• [Records provided]
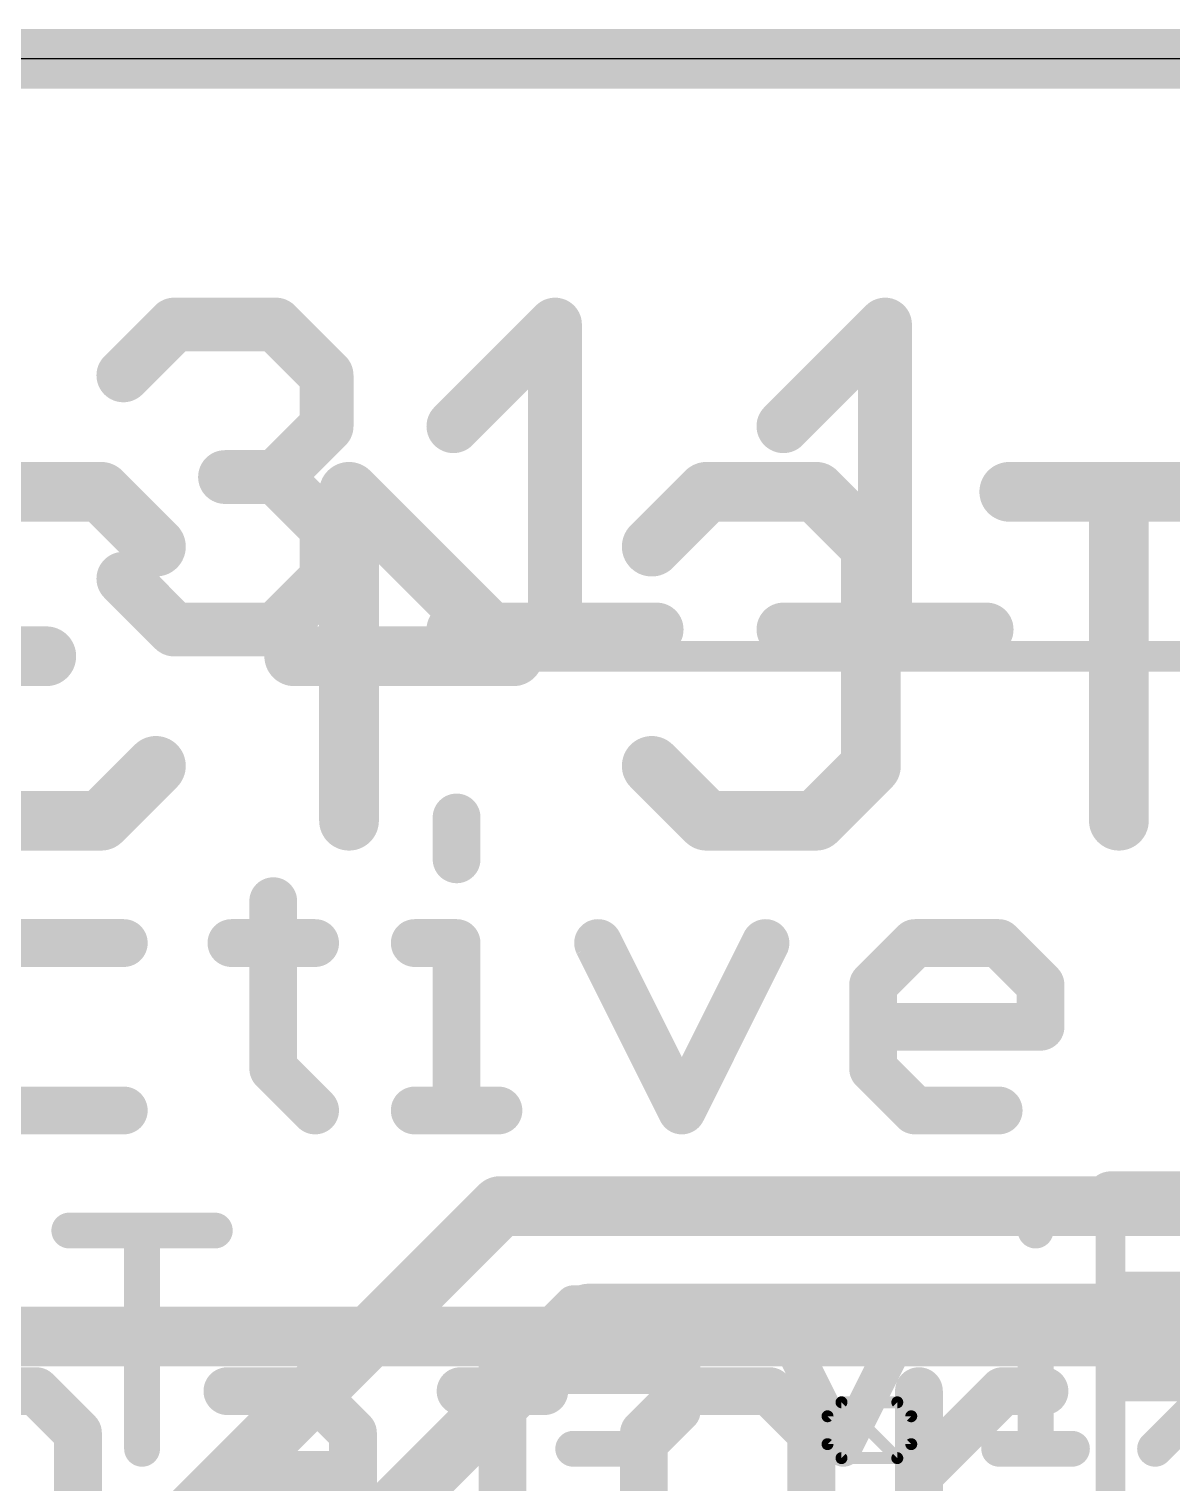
# Model space of a CAD drawing. Extents: x -1.2 to 34.1, y -8.2 to 17.9.
# Drawn here: x 11.27 to 16.13, y 11.73 to 17.91 of the extents above; entities that cross this region are included whole.
import ezdxf

# ---------------------------------------------------------------- set-up
doc = ezdxf.new("R2010")
doc.units = 0
for name, color, linetype in [('1', 12, 'CONTINUOUS'), ('16', 5, 'CONTINUOUS'), ('20', 53, 'CONTINUOUS'), ('21', 40, 'CONTINUOUS'), ('22', 6, 'CONTINUOUS'), ('27', 4, 'CONTINUOUS'), ('29', 253, 'CONTINUOUS'), ('31', 253, 'CONTINUOUS'), ('39', 12, 'CONTINUOUS'), ('47', 253, 'CONTINUOUS')]:
    doc.layers.add(name, color=color, linetype=linetype)

# ---------------------------------------------------------------- blocks, each defined once
blk = doc.blocks.new('RECT')
blk.add_solid([(-0.5, -0.5), (0.5, -0.5), (-0.5, 0.5), (0.5, 0.5)])

msp = doc.modelspace()

# ---------------------------------------------------------------- linework, layer by layer
at = {"layer": '1', "const_width": 0.254}
for points in [[(0, 17.78), (25.4, 17.78)], [(4.911, 12.349), (16.422, 12.349)]]:
    msp.add_lwpolyline(points, dxfattribs=at)
at = {"layer": '16', "const_width": 0.254}
for points in [[(0, 17.78), (25.4, 17.78)], [(8.763, 8.39), (13.2762, 12.9032)], [(13.2762, 12.9032), (20.4504, 12.9032)], [(13.6525, 12.446), (9.779, 8.5725)], [(19.812, 12.446), (13.6525, 12.446)]]:
    msp.add_lwpolyline(points, dxfattribs=at)
at = {"layer": '16', "const_width": 0.127}
for points in [[(13.2762, 12.9667, 1), (13.2762, 12.8397)], [(13.3211, 12.8583, 1), (13.2313, 12.9481)], [(13.6525, 12.5095, 1), (13.6525, 12.3825)], [(13.6974, 12.4011, 1), (13.6076, 12.4909)]]:
    msp.add_lwpolyline(points, format="xyb", dxfattribs=at)
at = {"layer": '20'}
msp.add_line((22.86, 17.78), (2.54, 17.78), dxfattribs=at)
at = {"layer": '21'}
for points, const_width in [([(11.6744, 16.4347), (11.8905, 16.6508)], 0.2286), ([(11.8905, 16.6508), (12.3227, 16.6508)], 0.2286), ([(12.3227, 16.6508), (12.5388, 16.4347)], 0.2286), ([(13.0777, 16.2186), (13.5099, 16.6508)], 0.2286), ([(13.5099, 16.6508), (13.5099, 15.3543)], 0.2286), ([(14.481, 16.2186), (14.9132, 16.6508)], 0.2286), ([(14.9132, 16.6508), (14.9132, 15.3543)], 0.2286), ([(12.5388, 16.4347), (12.5388, 16.2186)], 0.2286), ([(12.5388, 16.2186), (12.3227, 16.0026)], 0.2286), ([(12.3227, 16.0026), (12.1066, 16.0026)], 0.2286), ([(12.3227, 16.0026), (12.5388, 15.7865)], 0.2286), ([(12.5388, 15.7865), (12.5388, 15.5704)], 0.2286), ([(11.8905, 15.3543), (11.6744, 15.5704)], 0.2286), ([(12.5388, 15.5704), (12.3227, 15.3543)], 0.2286), ([(12.3227, 15.3543), (11.8905, 15.3543)], 0.2286), ([(13.0777, 15.3543), (13.9421, 15.3543)], 0.2286), ([(14.481, 15.3543), (15.3453, 15.3543)], 0.2286), ([(13.0914, 14.5553), (13.0914, 14.3773)], 0.2032), ([(12.3118, 14.1994), (12.3118, 13.4876)], 0.2032), ([(11.6763, 14.0214), (11.1424, 14.0214)], 0.2032), ([(12.1339, 14.0214), (12.4898, 14.0214)], 0.2032), ([(12.9135, 14.0214), (13.0914, 14.0214)], 0.2032), ([(13.0914, 14.0214), (13.0914, 13.3096)], 0.2032), ([(13.6931, 14.0214), (14.049, 13.3096)], 0.2032), ([(14.049, 13.3096), (14.4049, 14.0214)], 0.2032), ([(14.8625, 13.8435), (15.0404, 14.0214)], 0.2032), ([(15.0404, 14.0214), (15.3963, 14.0214)], 0.2032), ([(15.3963, 14.0214), (15.5743, 13.8435)], 0.2032), ([(14.8625, 13.4876), (14.8625, 13.8435)], 0.2032), ([(15.5743, 13.8435), (15.5743, 13.6655)], 0.2032), ([(15.5743, 13.6655), (14.8625, 13.6655)], 0.2032), ([(12.3118, 13.4876), (12.4898, 13.3096)], 0.2032), ([(15.0404, 13.3096), (14.8625, 13.4876)], 0.2032), ([(11.1424, 13.3096), (11.6763, 13.3096)], 0.2032), ([(12.9135, 13.3096), (13.2694, 13.3096)], 0.2032), ([(15.3963, 13.3096), (15.0404, 13.3096)], 0.2032), ([(15.872, 12.949), (18.672, 12.949)], 0.2032), ([(13.2863, 12.2944), (13.2863, 11.5826)], 0.2032), ([(10.7696, 12.1164), (11.3034, 12.1164)], 0.2032), ([(11.3034, 12.1164), (11.4814, 11.9385)], 0.2032), ([(12.1169, 12.1164), (12.4728, 12.1164)], 0.2032), ([(12.4728, 12.1164), (12.6508, 11.9385)], 0.2032), ([(13.1084, 12.1164), (13.4643, 12.1164)], 0.2032), ([(14.0659, 12.1164), (13.888, 11.9385)], 0.2032), ([(14.4218, 12.1164), (14.0659, 12.1164)], 0.2032), ([(14.5998, 11.9385), (14.4218, 12.1164)], 0.2032), ([(15.0574, 11.4046), (15.0574, 12.1164)], 0.2032), ([(15.0574, 11.7605), (15.4133, 12.1164)], 0.2032), ([(15.4133, 12.1164), (15.5912, 12.1164)], 0.2032), ([(11.4814, 11.9385), (11.4814, 11.4046)], 0.2032), ([(12.6508, 11.9385), (12.6508, 11.4046)], 0.2032), ([(13.888, 11.9385), (13.888, 11.5826)], 0.2032), ([(14.5998, 11.5826), (14.5998, 11.9385)], 0.2032), ([(11.939, 11.5826), (12.1169, 11.7605)], 0.2032), ([(12.1169, 11.7605), (12.6508, 11.7605)], 0.2032)]:
    msp.add_lwpolyline(points, dxfattribs=dict(at, const_width=const_width))
for points, const_width in [([(11.8905, 16.708, 1), (11.8905, 16.5937)], 0.1143), ([(11.9309, 16.6104, 1), (11.8501, 16.6912)], 0.1143), ([(12.3631, 16.6912, 1), (12.2823, 16.6104)], 0.1143), ([(12.3227, 16.5937, 1), (12.3227, 16.708)], 0.1143), ([(13.567, 16.6508, 1), (13.4527, 16.6508)], 0.1143), ([(13.5503, 16.6104, 1), (13.4695, 16.6912)], 0.1143), ([(14.9703, 16.6508, 1), (14.856, 16.6508)], 0.1143), ([(14.9536, 16.6104, 1), (14.8728, 16.6912)], 0.1143), ([(11.634, 16.4751, 1), (11.7148, 16.3943)], 0.1143), ([(12.5959, 16.4347, 1), (12.4816, 16.4347)], 0.1143), ([(12.4984, 16.3943, 1), (12.5792, 16.4751)], 0.1143), ([(12.5792, 16.1782, 1), (12.4984, 16.259)], 0.1143), ([(12.4816, 16.2186, 1), (12.5959, 16.2186)], 0.1143), ([(13.0373, 16.259, 1), (13.1181, 16.1782)], 0.1143), ([(14.4406, 16.259, 1), (14.5214, 16.1782)], 0.1143), ([(12.1066, 16.0597, 1), (12.1066, 15.9454)], 0.1143), ([(12.3631, 16.043, 1), (12.2823, 15.9621)], 0.1143), ([(12.2823, 16.043, 1), (12.3631, 15.9621)], 0.1143), ([(12.3227, 15.9454, 1), (12.3227, 16.0597)], 0.1143), ([(12.5959, 15.7865, 1), (12.4816, 15.7865)], 0.1143), ([(12.4984, 15.7461, 1), (12.5792, 15.8269)], 0.1143), ([(11.7148, 15.6108, 1), (11.634, 15.53)], 0.1143), ([(12.5792, 15.53, 1), (12.4984, 15.6108)], 0.1143), ([(12.4816, 15.5704, 1), (12.5959, 15.5704)], 0.1143), ([(11.8905, 15.4115, 1), (11.8905, 15.2972)], 0.1143), ([(12.3227, 15.2972, 1), (12.3227, 15.4115)], 0.1143), ([(13.0777, 15.4115, 1), (13.0777, 15.2972)], 0.1143), ([(13.9421, 15.2972, 1), (13.9421, 15.4115)], 0.1143), ([(14.481, 15.4115, 1), (14.481, 15.2972)], 0.1143), ([(15.3453, 15.2972, 1), (15.3453, 15.4115)], 0.1143), ([(11.8501, 15.3139, 1), (11.9309, 15.3947)], 0.1143), ([(12.2823, 15.3947, 1), (12.3631, 15.3139)], 0.1143), ([(13.4527, 15.3543, 1), (13.567, 15.3543)], 0.1143), ([(14.856, 15.3543, 1), (14.9703, 15.3543)], 0.1143), ([(13.1422, 14.5553, 1), (13.0406, 14.5553)], 0.1016), ([(13.0406, 14.3773, 1), (13.1422, 14.3773)], 0.1016), ([(12.3626, 14.1994, 1), (12.261, 14.1994)], 0.1016), ([(11.6763, 13.9706, 1), (11.6763, 14.0722)], 0.1016), ([(12.1339, 14.0722, 1), (12.1339, 13.9706)], 0.1016), ([(12.4898, 13.9706, 1), (12.4898, 14.0722)], 0.1016), ([(12.9135, 14.0722, 1), (12.9135, 13.9706)], 0.1016), ([(13.1422, 14.0214, 1), (13.0406, 14.0214)], 0.1016), ([(13.0914, 13.9706, 1), (13.0914, 14.0722)], 0.1016), ([(13.7385, 14.0441, 1), (13.6476, 13.9987)], 0.1016), ([(14.4503, 13.9987, 1), (14.3594, 14.0441)], 0.1016), ([(15.0404, 14.0722, 1), (15.0404, 13.9706)], 0.1016), ([(15.0763, 13.9855, 1), (15.0045, 14.0573)], 0.1016), ([(15.4323, 14.0573, 1), (15.3604, 13.9855)], 0.1016), ([(15.3963, 13.9706, 1), (15.3963, 14.0722)], 0.1016), ([(14.9133, 13.8435, 1), (14.8117, 13.8435)], 0.1016), ([(14.8266, 13.8794, 1), (14.8984, 13.8075)], 0.1016), ([(15.6251, 13.8435, 1), (15.5235, 13.8435)], 0.1016), ([(15.5384, 13.8075, 1), (15.6102, 13.8794)], 0.1016), ([(14.8625, 13.7163, 1), (14.8625, 13.6147)], 0.1016), ([(15.5743, 13.6147, 1), (15.5743, 13.7163)], 0.1016), ([(15.5235, 13.6655, 1), (15.6251, 13.6655)], 0.1016), ([(12.3478, 13.5235, 1), (12.2759, 13.4516)], 0.1016), ([(12.261, 13.4876, 1), (12.3626, 13.4876)], 0.1016), ([(14.8984, 13.5235, 1), (14.8266, 13.4516)], 0.1016), ([(14.8117, 13.4876, 1), (14.9133, 13.4876)], 0.1016), ([(11.6763, 13.2588, 1), (11.6763, 13.3604)], 0.1016), ([(12.4539, 13.2737, 1), (12.5257, 13.3455)], 0.1016), ([(12.9135, 13.3604, 1), (12.9135, 13.2588)], 0.1016), ([(13.0406, 13.3096, 1), (13.1422, 13.3096)], 0.1016), ([(13.2694, 13.2588, 1), (13.2694, 13.3604)], 0.1016), ([(14.0035, 13.3323, 1), (14.0944, 13.2869)], 0.1016), ([(14.0035, 13.2869, 1), (14.0944, 13.3323)], 0.1016), ([(15.0404, 13.3604, 1), (15.0404, 13.2588)], 0.1016), ([(15.0045, 13.2737, 1), (15.0763, 13.3455)], 0.1016), ([(15.3963, 13.2588, 1), (15.3963, 13.3604)], 0.1016), ([(15.872, 12.9998, 1), (15.872, 12.8982)], 0.1016), ([(13.3371, 12.2944, 1), (13.2355, 12.2944)], 0.1016), ([(11.3394, 12.1523, 1), (11.2675, 12.0805)], 0.1016), ([(11.3034, 12.0656, 1), (11.3034, 12.1672)], 0.1016), ([(12.1169, 12.1672, 1), (12.1169, 12.0656)], 0.1016), ([(12.5088, 12.1523, 1), (12.4369, 12.0805)], 0.1016), ([(12.4728, 12.0656, 1), (12.4728, 12.1672)], 0.1016), ([(13.1084, 12.1672, 1), (13.1084, 12.0656)], 0.1016), ([(13.4643, 12.0656, 1), (13.4643, 12.1672)], 0.1016), ([(14.0659, 12.1672, 1), (14.0659, 12.0656)], 0.1016), ([(14.1018, 12.0805, 1), (14.03, 12.1523)], 0.1016), ([(14.4578, 12.1523, 1), (14.3859, 12.0805)], 0.1016), ([(14.4218, 12.0656, 1), (14.4218, 12.1672)], 0.1016), ([(15.1082, 12.1164, 1), (15.0066, 12.1164)], 0.1016), ([(15.4133, 12.1672, 1), (15.4133, 12.0656)], 0.1016), ([(15.4492, 12.0805, 1), (15.3774, 12.1523)], 0.1016), ([(15.5912, 12.0656, 1), (15.5912, 12.1672)], 0.1016), ([(11.5322, 11.9385, 1), (11.4306, 11.9385)], 0.1016), ([(11.4455, 11.9025, 1), (11.5173, 11.9744)], 0.1016), ([(12.7016, 11.9385, 1), (12.6, 11.9385)], 0.1016), ([(12.6149, 11.9025, 1), (12.6867, 11.9744)], 0.1016), ([(13.9388, 11.9385, 1), (13.8372, 11.9385)], 0.1016), ([(13.8521, 11.9744, 1), (13.9239, 11.9025)], 0.1016), ([(14.6506, 11.9385, 1), (14.549, 11.9385)], 0.1016), ([(14.5639, 11.9025, 1), (14.6357, 11.9744)], 0.1016), ([(12.1169, 11.8113, 1), (12.1169, 11.7097)], 0.1016), ([(12.1529, 11.7246, 1), (12.081, 11.7964)], 0.1016), ([(12.6508, 11.7097, 1), (12.6508, 11.8113)], 0.1016), ([(15.0215, 11.7964, 1), (15.0933, 11.7246)], 0.1016)]:
    msp.add_lwpolyline(points, format="xyb", dxfattribs=dict(at, const_width=const_width))
at = {"layer": '22'}
for points, const_width in [([(11.5799, 15.9397), (11.1138, 15.9397)], 0.254), ([(11.8129, 15.7067), (11.5799, 15.9397)], 0.254), ([(12.634, 14.5415), (12.634, 15.9397)], 0.254), ([(12.634, 15.9397), (13.3331, 15.2406)], 0.254), ([(13.9212, 15.7067), (14.1542, 15.9397)], 0.254), ([(14.1542, 15.9397), (14.6203, 15.9397)], 0.254), ([(14.6203, 15.9397), (14.8533, 15.7067)], 0.254), ([(16.3735, 15.9397), (15.4414, 15.9397)], 0.254), ([(15.9075, 14.5415), (15.9075, 15.9397)], 0.254), ([(14.8533, 15.7067), (14.8533, 14.7745)], 0.254), ([(11.1138, 15.2406), (11.3468, 15.2406)], 0.254), ([(13.3331, 15.2406), (12.401, 15.2406)], 0.254), ([(11.5799, 14.5415), (11.8129, 14.7745)], 0.254), ([(14.1542, 14.5415), (13.9212, 14.7745)], 0.254), ([(14.8533, 14.7745), (14.6203, 14.5415)], 0.254), ([(11.1138, 14.5415), (11.5799, 14.5415)], 0.254), ([(14.6203, 14.5415), (14.1542, 14.5415)], 0.254), ([(15.5533, 12.9539), (15.5533, 12.7992)], 0.1524), ([(12.0633, 12.7992), (11.4447, 12.7992)], 0.1524), ([(11.754, 11.8713), (11.754, 12.7992)], 0.1524), ([(13.5874, 12.4899), (13.4327, 12.3353)], 0.1524), ([(13.8967, 12.4899), (13.5874, 12.4899)], 0.1524), ([(14.0513, 12.3353), (13.8967, 12.4899)], 0.1524), ([(14.736, 11.8713), (14.4267, 12.4899)], 0.1524), ([(15.0453, 12.4899), (14.736, 11.8713)], 0.1524), ([(15.7079, 12.4899), (15.5533, 12.4899)], 0.1524), ([(15.5533, 12.4899), (15.5533, 11.8713)], 0.1524), ([(16.3706, 12.4899), (16.0613, 12.4899)], 0.1524), ([(13.4327, 12.3353), (13.4327, 12.1806)], 0.1524), ([(14.0513, 12.026), (14.0513, 12.3353)], 0.1524), ([(13.4327, 12.1806), (14.0513, 12.1806)], 0.1524), ([(13.8967, 11.8713), (14.0513, 12.026)], 0.1524), ([(16.216, 12.026), (16.0613, 11.8713)], 0.1524), ([(13.5874, 11.8713), (13.8967, 11.8713)], 0.1524), ([(15.7079, 11.8713), (15.3986, 11.8713)], 0.1524)]:
    msp.add_lwpolyline(points, dxfattribs=dict(at, const_width=const_width))
for points, const_width in [([(11.6248, 15.9846, 1), (11.535, 15.8948)], 0.127), ([(11.5799, 15.8762, 1), (11.5799, 16.0032)], 0.127), ([(12.6975, 15.9397, 1), (12.5705, 15.9397)], 0.127), ([(12.6789, 15.9846, 1), (12.5891, 15.8948)], 0.127), ([(14.1542, 16.0032, 1), (14.1542, 15.8762)], 0.127), ([(14.1991, 15.8948, 1), (14.1093, 15.9846)], 0.127), ([(14.6652, 15.9846, 1), (14.5754, 15.8948)], 0.127), ([(14.6203, 15.8762, 1), (14.6203, 16.0032)], 0.127), ([(15.4414, 16.0032, 1), (15.4414, 15.8762)], 0.127), ([(15.971, 15.9397, 1), (15.844, 15.9397)], 0.127), ([(14.9168, 15.7067, 1), (14.7898, 15.7067)], 0.127), ([(11.768, 15.6618, 1), (11.8578, 15.7516)], 0.127), ([(13.8763, 15.7516, 1), (13.9661, 15.6618)], 0.127), ([(14.8084, 15.6618, 1), (14.8982, 15.7516)], 0.127), ([(11.3468, 15.1771, 1), (11.3468, 15.3041)], 0.127), ([(12.401, 15.3041, 1), (12.401, 15.1771)], 0.127), ([(13.2882, 15.1957, 1), (13.378, 15.2855)], 0.127), ([(13.3331, 15.1771, 1), (13.3331, 15.3041)], 0.127), ([(11.8578, 14.7296, 1), (11.768, 14.8194)], 0.127), ([(13.9661, 14.8194, 1), (13.8763, 14.7296)], 0.127), ([(14.8982, 14.7296, 1), (14.8084, 14.8194)], 0.127), ([(14.7898, 14.7745, 1), (14.9168, 14.7745)], 0.127), ([(11.535, 14.5864, 1), (11.6248, 14.4966)], 0.127), ([(11.5799, 14.478, 1), (11.5799, 14.605)], 0.127), ([(14.1542, 14.605, 1), (14.1542, 14.478)], 0.127), ([(14.1093, 14.4966, 1), (14.1991, 14.5864)], 0.127), ([(14.5754, 14.5864, 1), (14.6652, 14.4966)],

• [What needs to be done]
Take every line from the records that holds "color" and copy it down.

• [Result]
for name, color, linetype in [('1', 12, 'CONTINUOUS'), ('16', 5, 'CONTINUOUS'), ('20', 53, 'CONTINUOUS'), ('21', 40, 'CONTINUOUS'), ('22', 6, 'CONTINUOUS'), ('27', 4, 'CONTINUOUS'), ('29', 253, 'CONTINUOUS'), ('31', 253, 'CONTINUOUS'), ('39', 12, 'CONTINUOUS'), ('47', 253, 'CONTINUOUS')]:
    doc.layers.add(name, color=color, linetype=linetype)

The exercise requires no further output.